» WHAT IS NEEDED:
Your answer should be the lines below from the one with "54h5.1v2.5h-5.1zM178.4 46.3h3.5M178.4 55.2h3.5M266.5" to the one with "49.6h2.5v5.1h-2.5zM350.3 47.1v3.5M350.3 53.7v3.5M366.8", both included, given again exactly and with nothing added.

Excerpts from a dataset:

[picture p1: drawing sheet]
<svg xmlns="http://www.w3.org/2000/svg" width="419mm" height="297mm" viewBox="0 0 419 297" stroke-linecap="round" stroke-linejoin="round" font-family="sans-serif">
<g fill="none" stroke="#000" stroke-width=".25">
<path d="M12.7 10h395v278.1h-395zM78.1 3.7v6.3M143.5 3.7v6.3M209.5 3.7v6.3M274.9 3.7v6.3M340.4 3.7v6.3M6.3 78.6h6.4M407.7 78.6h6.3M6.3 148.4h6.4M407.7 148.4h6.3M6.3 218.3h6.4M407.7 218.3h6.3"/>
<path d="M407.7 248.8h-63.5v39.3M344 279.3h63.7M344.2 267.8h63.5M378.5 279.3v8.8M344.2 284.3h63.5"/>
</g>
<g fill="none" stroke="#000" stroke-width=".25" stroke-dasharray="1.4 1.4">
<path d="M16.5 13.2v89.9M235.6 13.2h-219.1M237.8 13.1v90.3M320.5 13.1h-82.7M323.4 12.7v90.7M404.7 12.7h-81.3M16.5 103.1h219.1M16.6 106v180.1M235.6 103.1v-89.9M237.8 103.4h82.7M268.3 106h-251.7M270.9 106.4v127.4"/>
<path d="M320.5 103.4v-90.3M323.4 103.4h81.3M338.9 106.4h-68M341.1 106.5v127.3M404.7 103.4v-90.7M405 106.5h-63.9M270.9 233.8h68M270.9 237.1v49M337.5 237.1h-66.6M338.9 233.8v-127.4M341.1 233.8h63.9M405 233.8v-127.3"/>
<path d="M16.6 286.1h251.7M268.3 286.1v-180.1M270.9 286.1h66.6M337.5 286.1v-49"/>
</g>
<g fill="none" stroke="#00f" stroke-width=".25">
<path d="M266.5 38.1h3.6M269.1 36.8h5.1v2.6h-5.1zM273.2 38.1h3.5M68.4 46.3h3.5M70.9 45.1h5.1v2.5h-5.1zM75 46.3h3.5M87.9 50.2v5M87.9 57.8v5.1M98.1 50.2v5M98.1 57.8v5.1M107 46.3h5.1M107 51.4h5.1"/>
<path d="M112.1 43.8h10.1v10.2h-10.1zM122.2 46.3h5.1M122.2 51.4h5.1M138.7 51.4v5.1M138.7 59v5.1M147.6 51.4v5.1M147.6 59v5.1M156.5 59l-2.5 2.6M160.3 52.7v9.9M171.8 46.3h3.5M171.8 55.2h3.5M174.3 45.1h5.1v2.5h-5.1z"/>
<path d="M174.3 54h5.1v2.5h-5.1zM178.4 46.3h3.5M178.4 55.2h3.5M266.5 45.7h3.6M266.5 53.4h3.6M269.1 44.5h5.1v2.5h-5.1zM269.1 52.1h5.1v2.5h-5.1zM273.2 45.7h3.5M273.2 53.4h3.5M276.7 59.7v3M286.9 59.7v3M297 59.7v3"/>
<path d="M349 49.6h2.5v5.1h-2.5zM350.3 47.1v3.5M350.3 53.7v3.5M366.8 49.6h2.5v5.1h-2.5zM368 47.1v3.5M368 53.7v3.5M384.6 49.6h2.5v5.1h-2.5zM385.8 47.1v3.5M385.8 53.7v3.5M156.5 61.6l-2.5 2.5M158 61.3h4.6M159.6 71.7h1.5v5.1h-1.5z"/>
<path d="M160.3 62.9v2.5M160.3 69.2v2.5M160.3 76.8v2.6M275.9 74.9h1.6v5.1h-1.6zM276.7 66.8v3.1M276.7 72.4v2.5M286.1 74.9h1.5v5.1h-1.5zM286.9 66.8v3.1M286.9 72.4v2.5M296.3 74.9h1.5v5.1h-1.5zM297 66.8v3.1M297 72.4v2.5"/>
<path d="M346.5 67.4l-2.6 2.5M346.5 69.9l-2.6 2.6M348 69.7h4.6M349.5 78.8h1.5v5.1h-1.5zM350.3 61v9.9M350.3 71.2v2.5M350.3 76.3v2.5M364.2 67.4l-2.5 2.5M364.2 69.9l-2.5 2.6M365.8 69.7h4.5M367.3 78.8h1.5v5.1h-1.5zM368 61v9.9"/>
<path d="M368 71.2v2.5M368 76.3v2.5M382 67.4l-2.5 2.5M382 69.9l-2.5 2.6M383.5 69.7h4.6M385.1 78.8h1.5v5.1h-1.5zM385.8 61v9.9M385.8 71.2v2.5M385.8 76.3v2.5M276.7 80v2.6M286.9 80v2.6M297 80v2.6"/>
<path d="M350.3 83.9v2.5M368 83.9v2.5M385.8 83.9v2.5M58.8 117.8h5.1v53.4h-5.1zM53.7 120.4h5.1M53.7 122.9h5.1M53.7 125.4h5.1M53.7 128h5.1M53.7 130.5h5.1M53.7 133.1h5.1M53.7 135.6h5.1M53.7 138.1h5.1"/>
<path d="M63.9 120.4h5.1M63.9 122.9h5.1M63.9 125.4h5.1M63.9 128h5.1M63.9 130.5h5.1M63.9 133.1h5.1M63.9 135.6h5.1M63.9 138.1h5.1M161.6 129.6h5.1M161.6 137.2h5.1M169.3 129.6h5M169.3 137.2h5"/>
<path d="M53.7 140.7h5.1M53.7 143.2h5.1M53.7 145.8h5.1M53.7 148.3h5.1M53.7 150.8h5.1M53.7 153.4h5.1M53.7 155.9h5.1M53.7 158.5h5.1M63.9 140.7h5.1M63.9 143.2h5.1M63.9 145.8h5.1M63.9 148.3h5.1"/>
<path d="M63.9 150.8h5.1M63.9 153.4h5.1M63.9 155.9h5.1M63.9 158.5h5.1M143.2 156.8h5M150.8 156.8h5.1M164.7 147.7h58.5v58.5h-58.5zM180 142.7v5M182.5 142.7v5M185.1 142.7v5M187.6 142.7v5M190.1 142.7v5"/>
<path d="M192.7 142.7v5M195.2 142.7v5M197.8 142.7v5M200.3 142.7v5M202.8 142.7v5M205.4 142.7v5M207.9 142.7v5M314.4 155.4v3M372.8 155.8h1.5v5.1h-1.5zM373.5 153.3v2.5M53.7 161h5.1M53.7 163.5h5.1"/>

» THE COMPLETED TASK:
<path d="M174.3 54h5.1v2.5h-5.1zM178.4 46.3h3.5M178.4 55.2h3.5M266.5 45.7h3.6M266.5 53.4h3.6M269.1 44.5h5.1v2.5h-5.1zM269.1 52.1h5.1v2.5h-5.1zM273.2 45.7h3.5M273.2 53.4h3.5M276.7 59.7v3M286.9 59.7v3M297 59.7v3"/>
<path d="M349 49.6h2.5v5.1h-2.5zM350.3 47.1v3.5M350.3 53.7v3.5M366.8 49.6h2.5v5.1h-2.5zM368 47.1v3.5M368 53.7v3.5M384.6 49.6h2.5v5.1h-2.5zM385.8 47.1v3.5M385.8 53.7v3.5M156.5 61.6l-2.5 2.5M158 61.3h4.6M159.6 71.7h1.5v5.1h-1.5z"/>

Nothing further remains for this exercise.